100 ways to configure a static ip.
Why does it need that? At least one per distro controlled by the distro-maintainers.There’s basically three types of networking config:
- direct with the kernel - don’t do this
- some distro-specific abstraction - e.g. /etc/network/interfaces for Debian
- networking manager - wicked, network manager, etc
I do the last one because it’s distro-agnostic. I use Network Manager and it works fine.
I notice that you replied to me once again in connection to me mentioning static IP and linux.
Can I summon you this way? ^^Apparently. I was wondering if you were the same person.
I’m just a happy Linux user trying to help when other people run into problems.
Totally okay. Hope it helps somone trying to search for solutions on th web :)
Does podman do the Docker networking thing where I can link containers together without exposing ports to the rest of the system? I like my docker compose setup where I only expose caddy (TLS trunking) and Jellyfin (because my TV fails connecting w/ TLS).
I think it also has that, but normally it uses an even easier concept of pods that basically wrap multiple containers into a meta container with it’s own internal networking and name space, and that does exactly what you want.

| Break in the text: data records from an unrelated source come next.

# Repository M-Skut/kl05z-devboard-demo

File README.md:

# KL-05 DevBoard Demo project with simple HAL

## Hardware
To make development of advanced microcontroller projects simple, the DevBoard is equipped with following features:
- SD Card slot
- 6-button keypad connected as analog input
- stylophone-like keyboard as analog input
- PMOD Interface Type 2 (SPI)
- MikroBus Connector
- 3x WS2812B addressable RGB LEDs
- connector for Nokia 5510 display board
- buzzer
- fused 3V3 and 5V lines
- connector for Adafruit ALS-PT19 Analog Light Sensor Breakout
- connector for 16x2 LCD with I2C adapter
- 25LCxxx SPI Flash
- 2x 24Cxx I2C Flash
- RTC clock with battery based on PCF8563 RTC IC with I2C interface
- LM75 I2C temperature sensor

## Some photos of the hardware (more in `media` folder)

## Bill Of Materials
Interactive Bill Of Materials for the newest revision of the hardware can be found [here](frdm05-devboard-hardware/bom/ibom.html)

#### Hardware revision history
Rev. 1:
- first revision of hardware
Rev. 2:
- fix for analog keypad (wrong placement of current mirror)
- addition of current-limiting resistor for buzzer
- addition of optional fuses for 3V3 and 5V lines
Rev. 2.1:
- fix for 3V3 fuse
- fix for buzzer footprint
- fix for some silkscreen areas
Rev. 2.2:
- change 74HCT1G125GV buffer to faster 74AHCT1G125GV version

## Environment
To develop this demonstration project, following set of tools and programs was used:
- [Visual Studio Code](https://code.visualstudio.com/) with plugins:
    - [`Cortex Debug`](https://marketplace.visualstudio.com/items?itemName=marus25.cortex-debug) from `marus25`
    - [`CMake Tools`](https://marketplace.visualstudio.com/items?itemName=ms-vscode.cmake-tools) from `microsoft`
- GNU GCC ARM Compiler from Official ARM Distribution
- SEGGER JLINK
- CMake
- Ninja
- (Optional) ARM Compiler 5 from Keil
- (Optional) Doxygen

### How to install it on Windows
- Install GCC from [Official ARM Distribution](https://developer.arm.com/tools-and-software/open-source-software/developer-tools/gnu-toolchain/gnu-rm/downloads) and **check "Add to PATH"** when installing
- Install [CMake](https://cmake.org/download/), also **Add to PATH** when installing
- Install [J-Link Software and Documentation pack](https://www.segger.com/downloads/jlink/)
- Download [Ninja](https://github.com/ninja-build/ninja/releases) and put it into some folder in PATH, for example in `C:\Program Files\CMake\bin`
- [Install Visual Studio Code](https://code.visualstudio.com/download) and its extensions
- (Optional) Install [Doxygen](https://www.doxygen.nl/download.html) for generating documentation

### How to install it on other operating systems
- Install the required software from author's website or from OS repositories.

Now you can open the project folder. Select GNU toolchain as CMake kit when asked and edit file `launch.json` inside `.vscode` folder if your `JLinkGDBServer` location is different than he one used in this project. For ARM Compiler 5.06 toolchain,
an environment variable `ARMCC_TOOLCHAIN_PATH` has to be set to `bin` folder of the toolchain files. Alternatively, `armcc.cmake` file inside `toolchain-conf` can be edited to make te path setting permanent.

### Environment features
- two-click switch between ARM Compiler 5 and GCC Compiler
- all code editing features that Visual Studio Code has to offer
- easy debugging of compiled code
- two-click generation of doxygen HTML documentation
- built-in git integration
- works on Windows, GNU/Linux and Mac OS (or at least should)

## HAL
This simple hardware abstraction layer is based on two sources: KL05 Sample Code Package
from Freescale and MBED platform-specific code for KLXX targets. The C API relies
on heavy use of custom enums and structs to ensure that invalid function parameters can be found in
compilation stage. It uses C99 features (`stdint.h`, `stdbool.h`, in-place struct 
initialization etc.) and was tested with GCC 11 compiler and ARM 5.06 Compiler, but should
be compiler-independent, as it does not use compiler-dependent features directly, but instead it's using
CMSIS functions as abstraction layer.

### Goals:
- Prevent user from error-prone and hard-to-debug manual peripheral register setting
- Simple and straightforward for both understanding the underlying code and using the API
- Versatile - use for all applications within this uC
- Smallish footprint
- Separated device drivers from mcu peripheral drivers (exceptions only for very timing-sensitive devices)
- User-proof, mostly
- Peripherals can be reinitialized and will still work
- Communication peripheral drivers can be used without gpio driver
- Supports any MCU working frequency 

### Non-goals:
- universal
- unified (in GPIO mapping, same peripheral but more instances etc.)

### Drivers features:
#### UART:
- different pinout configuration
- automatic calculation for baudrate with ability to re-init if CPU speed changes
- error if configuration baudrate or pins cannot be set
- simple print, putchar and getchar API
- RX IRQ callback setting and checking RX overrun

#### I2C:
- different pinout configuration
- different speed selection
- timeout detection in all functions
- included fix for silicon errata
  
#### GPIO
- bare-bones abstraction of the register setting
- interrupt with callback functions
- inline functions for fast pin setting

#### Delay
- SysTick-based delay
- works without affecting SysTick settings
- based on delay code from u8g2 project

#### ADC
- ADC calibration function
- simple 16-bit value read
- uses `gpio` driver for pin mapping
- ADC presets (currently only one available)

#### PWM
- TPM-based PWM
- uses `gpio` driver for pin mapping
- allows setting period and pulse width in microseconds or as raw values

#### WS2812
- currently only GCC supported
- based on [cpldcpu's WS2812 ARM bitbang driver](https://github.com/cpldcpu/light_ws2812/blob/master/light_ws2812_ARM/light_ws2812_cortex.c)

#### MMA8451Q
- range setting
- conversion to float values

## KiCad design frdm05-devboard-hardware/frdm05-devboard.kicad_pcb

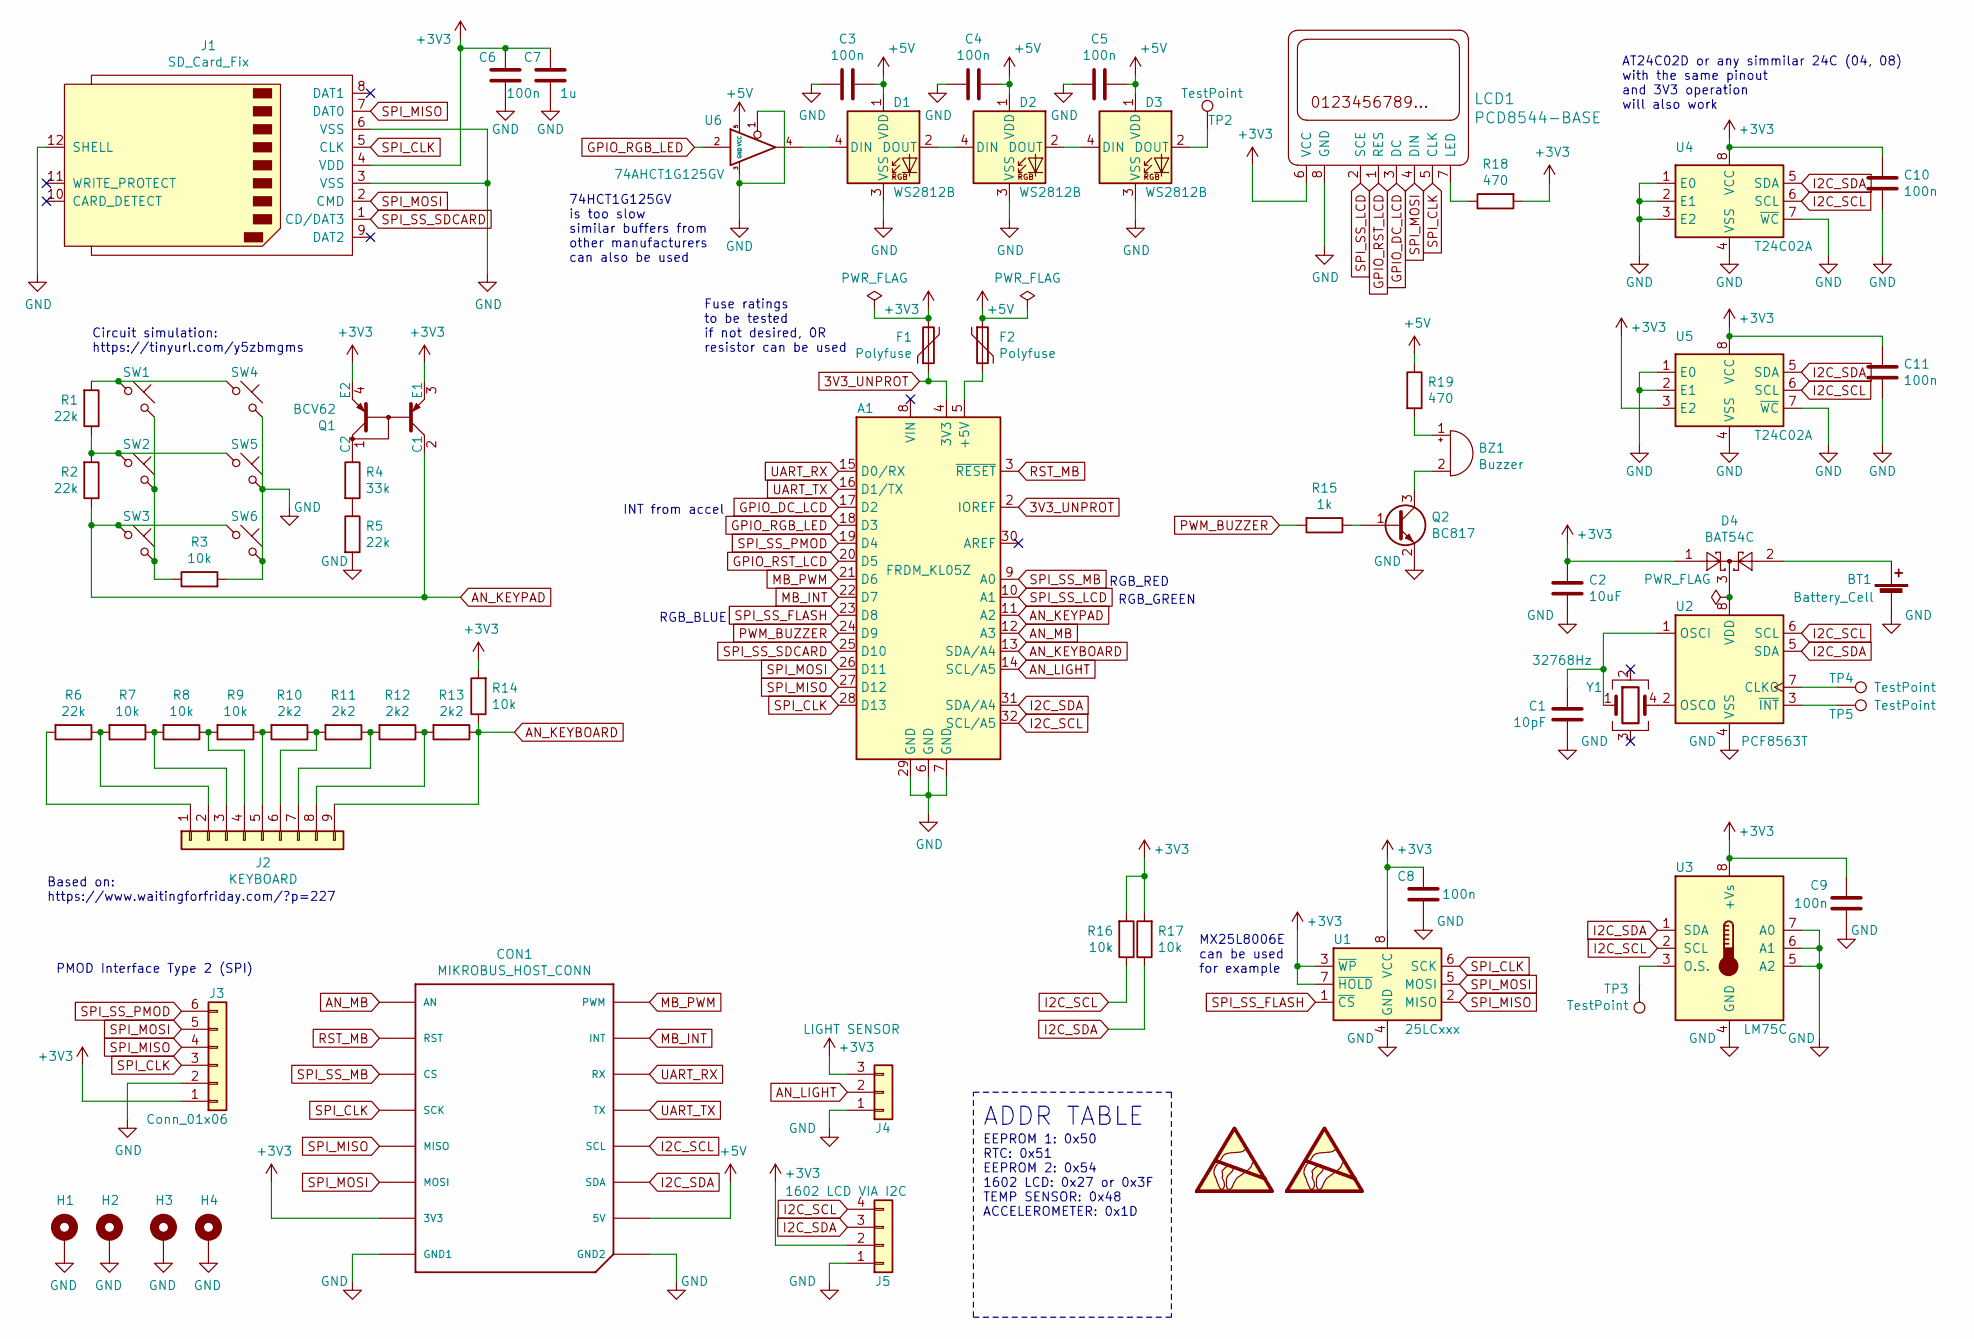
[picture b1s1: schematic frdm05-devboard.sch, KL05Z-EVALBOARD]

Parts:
A1: FRDM_KL05Z; FDRM-KL05Z
BT1: Battery_Cell; BatteryHolder_Keystone_1060_1x2032
BZ1: Buzzer; MagneticBuzzer_ProSignal_ABT-410-RC
C1: 10pF; C_0805_2012Metric_Pad1.18x1.45mm_HandSolder
C2: 10uF; C_0805_2012Metric_Pad1.18x1.45mm_HandSolder
C3, C4, C5, C6, C8, C9, C10, C11: 100n; C_0805_2012Metric_Pad1.18x1.45mm_HandSolder
C7: 1u; C_0805_2012Metric_Pad1.18x1.45mm_HandSolder
CON1: MIKROBUS_HOST_CONN
D1, D2, D3: WS2812B; LED_WS2812B_PLCC4_5.0x5.0mm_P3.2mm
D4: BAT54C; SOT-23
F1, F2: Polyfuse; Fuse_0805_2012Metric
H1, H2, H3, H4: MountingHole_Pad; MountingHole_3.2mm_M3_Pad_Via
J1: SD_Card_Fix; SD_TE_2041021
J2: KEYBOARD; Keyboard_resistive
J3: Conn_01x06; PinSocket_1x06_P2.54mm_Horizontal
J4: LIGHT SENSOR; PinSocket_1x03_P2.54mm_Vertical
J5: 1602 LCD VIA I2C; PinHeader_1x04_P2.54mm_Horizontal
LCD1: PCD8544-BASE; PinSocket_1x08_P2.54mm_Vertical
Q1: BCV62; SOT-143
Q2: BC817; SOT-23
R1, R2, R5, R6: 22k; R_0805_2012Metric_Pad1.20x1.40mm_HandSolder
R3, R7, R8, R9, R14, R16, R17: 10k; R_0805_2012Metric_Pad1.20x1.40mm_HandSolder
R4: 33k; R_0805_2012Metric_Pad1.20x1.40mm_HandSolder
R10, R11, R12, R13: 2k2; R_0805_2012Metric_Pad1.20x1.40mm_HandSolder
R15: 1k; R_0805_2012Metric_Pad1.20x1.40mm_HandSolder
R18, R19: 470; R_0805_2012Metric_Pad1.20x1.40mm_HandSolder
SW1, SW2, SW3, SW4, SW5, SW6: PTS810; SW_SPST_PTS810_HandSoldering
SYM1: SYM_ESD_Large; agieh
SYM2: SYM_ESD_Large; prestiz
TP2, TP3, TP4, TP5: TestPoint; TestPoint_THTPad_D2.0mm_Drill1.0mm
U1: 25LCxxx; SOIC-8_3.9x4.9mm_P1.27mm
U2: PCF8563T; SOIC-8_3.9x4.9mm_P1.27mm
U3: LM75C; SOIC-8_3.9x4.9mm_P1.27mm
U4, U5: T24C02A; SOIC-8_3.9x4.9mm_P1.27mm
U6: 74AHCT1G125GV; SOT-23-5_HandSoldering
Y1: 32768Hz; Crystal_SMD_SeikoEpson_MC306-4Pin_8.0x3.2mm_HandSoldering

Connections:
3V3_UNPROT: A1.2 (IOREF), A1.4 (3V3), F1.1
+3V3: C2.1, C6.2, C7.2, C8.1, C9.2, C10.2, C11.2, CON1.P7 (3V3), D4.1, F1.2, J1.4 (VDD), J3.1, J4.3, J5.2, LCD1.6 (VCC), Q1.3 (E1), Q1.4 (E2), R14.2, R16.2, R17.2, R18.2, U1.3 (~WP), U1.7 (~HOLD), U1.8 (VCC), U3.8 (+Vs), U4.8 (VCC), U5.3 (E2), U5.8 (VCC)
+5V: C3.1, C4.1, C5.1, CON1.P10 (5V), D1.1 (VDD), D2.1 (VDD), D3.1 (VDD), F2.1, R19.1, U6.5 (VCC)
AN_KEYBOARD: A1.13 (SDA/A4), J2.9, R13.1, R14.1
AN_KEYPAD: A1.11 (A2), Q1.2 (C1), R2.1, SW3.1, SW6.1
AN_LIGHT: A1.14 (SCL/A5), J4.2
AN_MB: A1.12 (A3), CON1.P1 (AN)
GND: A1.6 (GND), A1.7 (GND), A1.29 (GND), BT1.2 (-), C1.1, C2.2, C3.2, C4.2, C5.2, C6.1, C7.1, C8.2, C9.1, C10.1, C11.1, CON1.P8 (GND1), CON1.P9 (GND2), D1.3 (VSS), D2.3 (VSS), D3.3 (VSS), H1.1, H2.1, H3.1, H4.1, J1.3 (VSS), J1.6 (VSS), J1.12 (SHELL), J3.2, J4.1, J5.1, LCD1.8 (GND), Q2.2 (E), R3.2, R5.2, SW4.2, SW5.2, SW6.2, U1.4 (GND), U2.4 (VSS), U3.4 (GND), U3.5 (A2), U3.6 (A1), U3.7 (A0), U4.1 (E0), U4.2 (E1), U4.3 (E2), U4.4 (VSS), U4.7 (~WC), U5.1 (E0), U5.2 (E1), U5.4 (VSS), U5.7 (~WC), U6.1, U6.3 (GND)
GPIO_DC_LCD: A1.17 (D2), LCD1.3 (DC)
GPIO_RGB_LED: A1.18 (D3), U6.2
GPIO_RST_LCD: A1.20 (D5), LCD1.1 (RES)
I2C_SCL: A1.32 (SCL/A5), CON1.P12 (SCL), J5.4, R16.1, U2.6 (SCL), U3.2 (SCL), U4.6 (SCL), U5.6 (SCL)
I2C_SDA: A1.31 (SDA/A4), CON1.P11 (SDA), J5.3, R17.1, U2.5 (SDA), U3.1 (SDA), U4.5 (SDA), U5.5 (SDA)
MB_INT: A1.22 (D7), CON1.P15 (INT)
MB_PWM: A1.21 (D6), CON1.P16 (PWM)
unnamed: A1.5 (+5V), F2.2
unnamed: BT1.1 (+), D4.2
unnamed: BZ1.1 (-), R19.2
unnamed: BZ1.2 (+), Q2.3 (C)
unnamed: C1.2, U2.1 (OSCI), Y1.1
unnamed: D1.2 (DOUT), D2.4 (DIN)
unnamed: D1.4 (DIN), U6.4
unnamed: D2.2 (DOUT), D3.4 (DIN)
unnamed: D3.2 (DOUT), TP2.1
unnamed: D4.3, U2.8 (VDD)
unnamed: J2.1, R6.2
unnamed: J2.2, R6.1, R7.2
unnamed: J2.3, R7.1, R8.2
unnamed: J2.4, R8.1, R9.2
unnamed: J2.5, R9.1, R10.2
unnamed: J2.6, R10.1, R11.2
unnamed: J2.7, R11.1, R12.2
unnamed: J2.8, R12.1, R13.2
unnamed: LCD1.7 (LED), R18.1
unnamed: Q1.1 (C2), R4.1
unnamed: Q2.1 (B), R15.1
unnamed: R1.1, R2.2, SW2.1, SW5.1
unnamed: R1.2, SW1.1, SW4.1
unnamed: R3.1, SW1.2, SW2.2, SW3.2
unnamed: R4.2, R5.1
unnamed: TP3.1, U3.3 (O.S.)
unnamed: TP4.1, U2.7 (CLKO)
unnamed: TP5.1, U2.3 (~INT~)
unnamed: U2.2 (OSCO), Y1.4
PWM_BUZZER: A1.24 (D9), R15.2
RST_MB: A1.3 (~RESET), CON1.P2 (RST)
SPI_CLK: A1.28 (D13), CON1.P4 (SCK), J1.5 (CLK), J3.3, LCD1.5 (CLK), U1.6 (SCK)
SPI_MISO: A1.27 (D12), CON1.P5 (MISO), J1.7 (DAT0), J3.4, U1.2 (MISO)
SPI_MOSI: A1.26 (D11), CON1.P6 (MOSI), J1.2 (CMD), J3.5, LCD1.4 (DIN), U1.5 (MOSI)
SPI_SS_FLASH: A1.23 (D8), U1.1 (~CS)
SPI_SS_LCD: A1.10 (A1), LCD1.2 (SCE)
SPI_SS_MB: A1.9 (A0), CON1.P3 (CS)
SPI_SS_PMOD: A1.19 (D4), J3.6
SPI_SS_SDCARD: A1.25 (D10), J1.1 (CD/DAT3)
UART_RX: A1.15 (D0/RX), CON1.P14 (RX)
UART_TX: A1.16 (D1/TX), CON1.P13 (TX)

Nice! I’ve been having permissions conflicts between Samba (installed system-wide) and Jellyfin (docker), so it’s probably as good a time as any to try out podman since I need to mess with things anyway.
I disagree with this, container runtimes are a software like all others where logging needs to be configured. You can do so in the config of the container runtime environment.
Containers actually make this significantly easier because you only need to configure it once and it will be applied to all containers.
Or you can forward to your system logger, like syslog or systemd.
But then projects like NextCloud do it all wrong by using a file. Just log to stdout and I’ll manage the rest.
You are right and as others have pointed out correctly it’s Nextcloud not handling logging correctly in a containerized environment. I was ranting more about my dislike of containers in general, even though I use the technology (correctly) myself. It’s because I am already old on the scale of technology timelines.
Everything I hear about Nextcloud scares me away from messing with it.
If you only use it for files, the only thing it’s good for imho. it’s awesome! :)
Yes. And then I read press announcements like this https://nextcloud.com/blog/press_releases/nextcloud-procolix-partner-netherlands/
I’m considering switching to Seafile. I just need documents to sync and Collabora integration, and it seems to do both without dealing with PHP nonsense.
Just use the official Docker AIO and it is very, very little trouble. It’s by far the easiest way to use Nextcloud and the related services like Collabora and Talk.
The
price rboemproblem is that the log file is inside the container in the www folder.Edit: typo
You can move it.
Right, I should probably map the file directly to the system log folder. I’ll try that.
for some helpful config, the below is the logging config I have and logs have never been an issue.
You can even add
'logfile' => '/some/location/nextcloud.log',to get the logs in a different place'logtimezone' => 'UTC', 'logdateformat' => 'Y-m-d H:i:s', 'loglevel' => 2, 'log_rotate_size' => 52428800,Reminds me of when my Jellyfin container kept growing its log because of something watchtower related. Think it ended up at 100GB before I noticed. Not even debug, just failed updates I think. It’s been a couple of months.
Well that’s not jellyfins faults but rather watchtower…
101 of log files
is to configure it yourself
Look, defaults are a thing and if your defaults suck then you’ve made a mistake and if your default is to save a 100GB of log file in one file then something is wrong. The default in Dockers should just be not to save any log files on the persistent volumes.
Exactly. It should just write to stdout and let whatever is running it manage it.
Feels like blaming others for not paying attention.